Segment Start: Input data
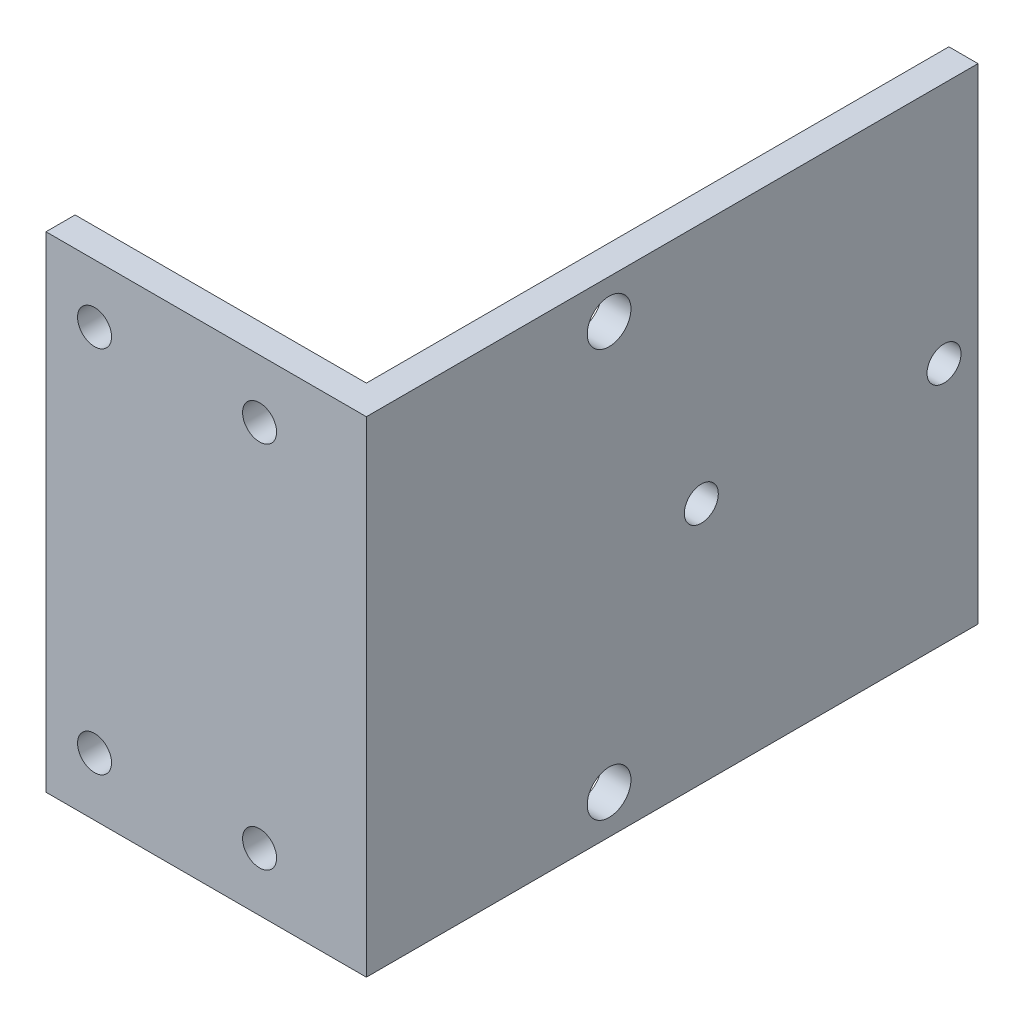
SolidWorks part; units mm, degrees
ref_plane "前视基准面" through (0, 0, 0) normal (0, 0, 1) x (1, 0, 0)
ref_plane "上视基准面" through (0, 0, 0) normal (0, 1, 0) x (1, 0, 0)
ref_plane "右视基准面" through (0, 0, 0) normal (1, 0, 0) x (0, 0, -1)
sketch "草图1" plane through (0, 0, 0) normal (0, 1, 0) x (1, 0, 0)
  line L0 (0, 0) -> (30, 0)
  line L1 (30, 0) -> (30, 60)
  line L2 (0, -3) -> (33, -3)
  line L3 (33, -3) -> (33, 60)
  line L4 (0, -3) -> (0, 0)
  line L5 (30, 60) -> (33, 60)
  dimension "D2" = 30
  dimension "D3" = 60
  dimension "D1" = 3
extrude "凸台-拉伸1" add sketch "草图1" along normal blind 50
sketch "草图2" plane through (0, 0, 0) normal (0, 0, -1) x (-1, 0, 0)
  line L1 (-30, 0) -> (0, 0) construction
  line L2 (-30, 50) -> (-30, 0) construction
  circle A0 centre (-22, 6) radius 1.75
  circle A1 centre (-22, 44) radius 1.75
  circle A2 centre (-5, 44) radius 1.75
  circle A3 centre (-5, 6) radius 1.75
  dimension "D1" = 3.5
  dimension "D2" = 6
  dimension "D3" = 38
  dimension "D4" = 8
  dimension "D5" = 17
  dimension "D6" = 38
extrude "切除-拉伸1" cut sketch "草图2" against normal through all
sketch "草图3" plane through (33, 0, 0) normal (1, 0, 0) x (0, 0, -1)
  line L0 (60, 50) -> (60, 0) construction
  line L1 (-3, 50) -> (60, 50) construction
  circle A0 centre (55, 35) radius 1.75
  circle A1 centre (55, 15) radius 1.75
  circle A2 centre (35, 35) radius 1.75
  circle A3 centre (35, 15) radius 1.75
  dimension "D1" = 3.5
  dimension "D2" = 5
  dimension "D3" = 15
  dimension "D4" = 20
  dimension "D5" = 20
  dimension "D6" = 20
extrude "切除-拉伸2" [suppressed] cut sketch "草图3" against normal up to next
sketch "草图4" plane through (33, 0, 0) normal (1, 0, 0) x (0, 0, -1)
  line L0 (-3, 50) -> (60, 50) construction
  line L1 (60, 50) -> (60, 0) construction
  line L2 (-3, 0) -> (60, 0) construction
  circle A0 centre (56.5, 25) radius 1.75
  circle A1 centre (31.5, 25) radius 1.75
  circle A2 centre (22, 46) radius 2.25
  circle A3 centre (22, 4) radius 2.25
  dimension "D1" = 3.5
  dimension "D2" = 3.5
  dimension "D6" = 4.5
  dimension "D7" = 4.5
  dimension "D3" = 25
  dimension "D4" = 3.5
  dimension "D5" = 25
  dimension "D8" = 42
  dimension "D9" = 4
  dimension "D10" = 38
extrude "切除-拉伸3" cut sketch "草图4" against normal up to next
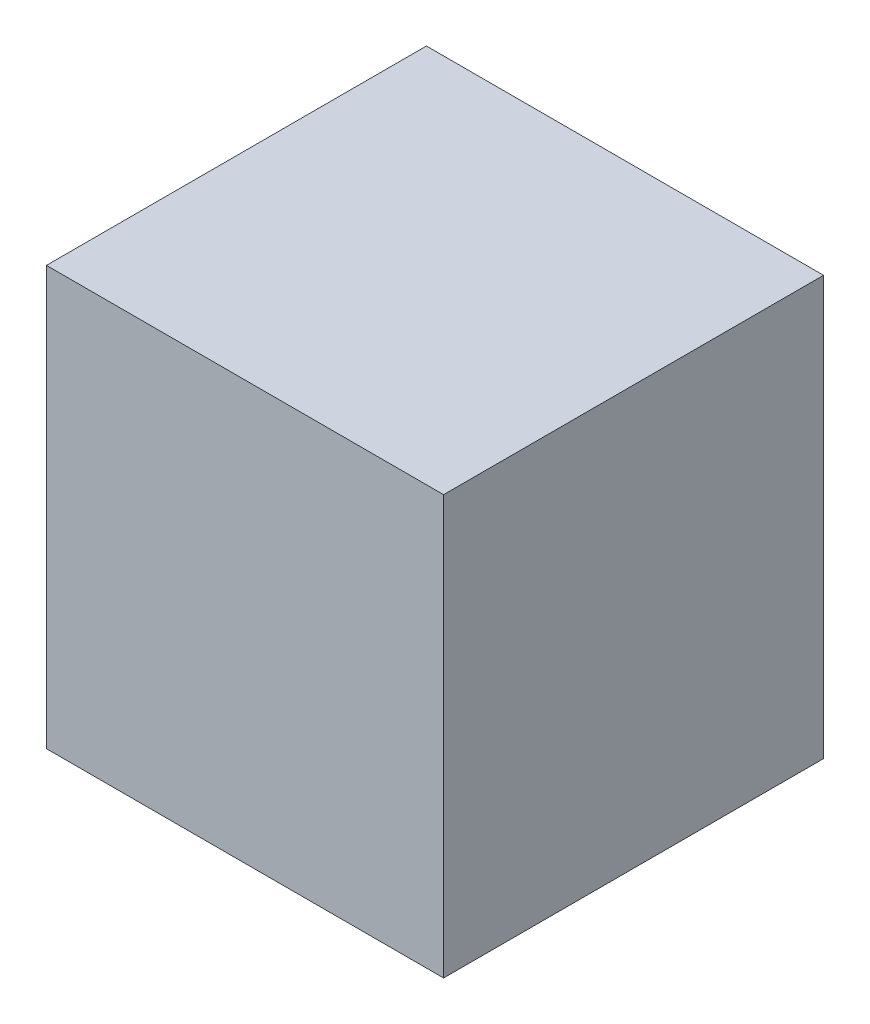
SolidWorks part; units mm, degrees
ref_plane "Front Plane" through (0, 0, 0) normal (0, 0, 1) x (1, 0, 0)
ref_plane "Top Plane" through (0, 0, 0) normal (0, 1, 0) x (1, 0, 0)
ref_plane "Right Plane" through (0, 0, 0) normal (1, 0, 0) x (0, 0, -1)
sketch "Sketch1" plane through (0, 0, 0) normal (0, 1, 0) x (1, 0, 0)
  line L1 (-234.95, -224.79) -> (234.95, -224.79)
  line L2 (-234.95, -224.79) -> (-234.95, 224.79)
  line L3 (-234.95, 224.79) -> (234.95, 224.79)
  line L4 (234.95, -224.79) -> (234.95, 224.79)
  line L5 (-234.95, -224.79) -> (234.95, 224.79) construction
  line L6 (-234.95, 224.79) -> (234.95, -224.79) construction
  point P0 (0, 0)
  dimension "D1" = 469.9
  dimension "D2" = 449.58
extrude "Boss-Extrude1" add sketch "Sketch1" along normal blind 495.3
Segment End: Input data
» What to do
Each line of the data above must be repeated exactly, images excluded.

» Exercise output
SolidWorks part; units mm, degrees
ref_plane "前视基准面" through (0, 0, 0) normal (0, 0, 1) x (1, 0, 0)
ref_plane "上视基准面" through (0, 0, 0) normal (0, 1, 0) x (1, 0, 0)
ref_plane "右视基准面" through (0, 0, 0) normal (1, 0, 0) x (0, 0, -1)
sketch "草图1" plane through (0, 0, 0) normal (0, 1, 0) x (1, 0, 0)
  line L0 (0, 0) -> (30, 0)
  line L1 (30, 0) -> (30, 60)
  line L2 (0, -3) -> (33, -3)
  line L3 (33, -3) -> (33, 60)
  line L4 (0, -3) -> (0, 0)
  line L5 (30, 60) -> (33, 60)
  dimension "D2" = 30
  dimension "D3" = 60
  dimension "D1" = 3
extrude "凸台-拉伸1" add sketch "草图1" along normal blind 50
sketch "草图2" plane through (0, 0, 0) normal (0, 0, -1) x (-1, 0, 0)
  line L1 (-30, 0) -> (0, 0) construction
  line L2 (-30, 50) -> (-30, 0) construction
  circle A0 centre (-22, 6) radius 1.75
  circle A1 centre (-22, 44) radius 1.75
  circle A2 centre (-5, 44) radius 1.75
  circle A3 centre (-5, 6) radius 1.75
  dimension "D1" = 3.5
  dimension "D2" = 6
  dimension "D3" = 38
  dimension "D4" = 8
  dimension "D5" = 17
  dimension "D6" = 38
extrude "切除-拉伸1" cut sketch "草图2" against normal through all
sketch "草图3" plane through (33, 0, 0) normal (1, 0, 0) x (0, 0, -1)
  line L0 (60, 50) -> (60, 0) construction
  line L1 (-3, 50) -> (60, 50) construction
  circle A0 centre (55, 35) radius 1.75
  circle A1 centre (55, 15) radius 1.75
  circle A2 centre (35, 35) radius 1.75
  circle A3 centre (35, 15) radius 1.75
  dimension "D1" = 3.5
  dimension "D2" = 5
  dimension "D3" = 15
  dimension "D4" = 20
  dimension "D5" = 20
  dimension "D6" = 20
extrude "切除-拉伸2" [suppressed] cut sketch "草图3" against normal up to next
sketch "草图4" plane through (33, 0, 0) normal (1, 0, 0) x (0, 0, -1)
  line L0 (-3, 50) -> (60, 50) construction
  line L1 (60, 50) -> (60, 0) construction
  line L2 (-3, 0) -> (60, 0) construction
  circle A0 centre (56.5, 25) radius 1.75
  circle A1 centre (31.5, 25) radius 1.75
  circle A2 centre (22, 46) radius 2.25
  circle A3 centre (22, 4) radius 2.25
  dimension "D1" = 3.5
  dimension "D2" = 3.5
  dimension "D6" = 4.5
  dimension "D7" = 4.5
  dimension "D3" = 25
  dimension "D4" = 3.5
  dimension "D5" = 25
  dimension "D8" = 42
  dimension "D9" = 4
  dimension "D10" = 38
extrude "切除-拉伸3" cut sketch "草图4" against normal up to next
SolidWorks part; units mm, degrees
ref_plane "Front Plane" through (0, 0, 0) normal (0, 0, 1) x (1, 0, 0)
ref_plane "Top Plane" through (0, 0, 0) normal (0, 1, 0) x (1, 0, 0)
ref_plane "Right Plane" through (0, 0, 0) normal (1, 0, 0) x (0, 0, -1)
sketch "Sketch1" plane through (0, 0, 0) normal (0, 1, 0) x (1, 0, 0)
  line L1 (-234.95, -224.79) -> (234.95, -224.79)
  line L2 (-234.95, -224.79) -> (-234.95, 224.79)
  line L3 (-234.95, 224.79) -> (234.95, 224.79)
  line L4 (234.95, -224.79) -> (234.95, 224.79)
  line L5 (-234.95, -224.79) -> (234.95, 224.79) construction
  line L6 (-234.95, 224.79) -> (234.95, -224.79) construction
  point P0 (0, 0)
  dimension "D1" = 469.9
  dimension "D2" = 449.58
extrude "Boss-Extrude1" add sketch "Sketch1" along normal blind 495.3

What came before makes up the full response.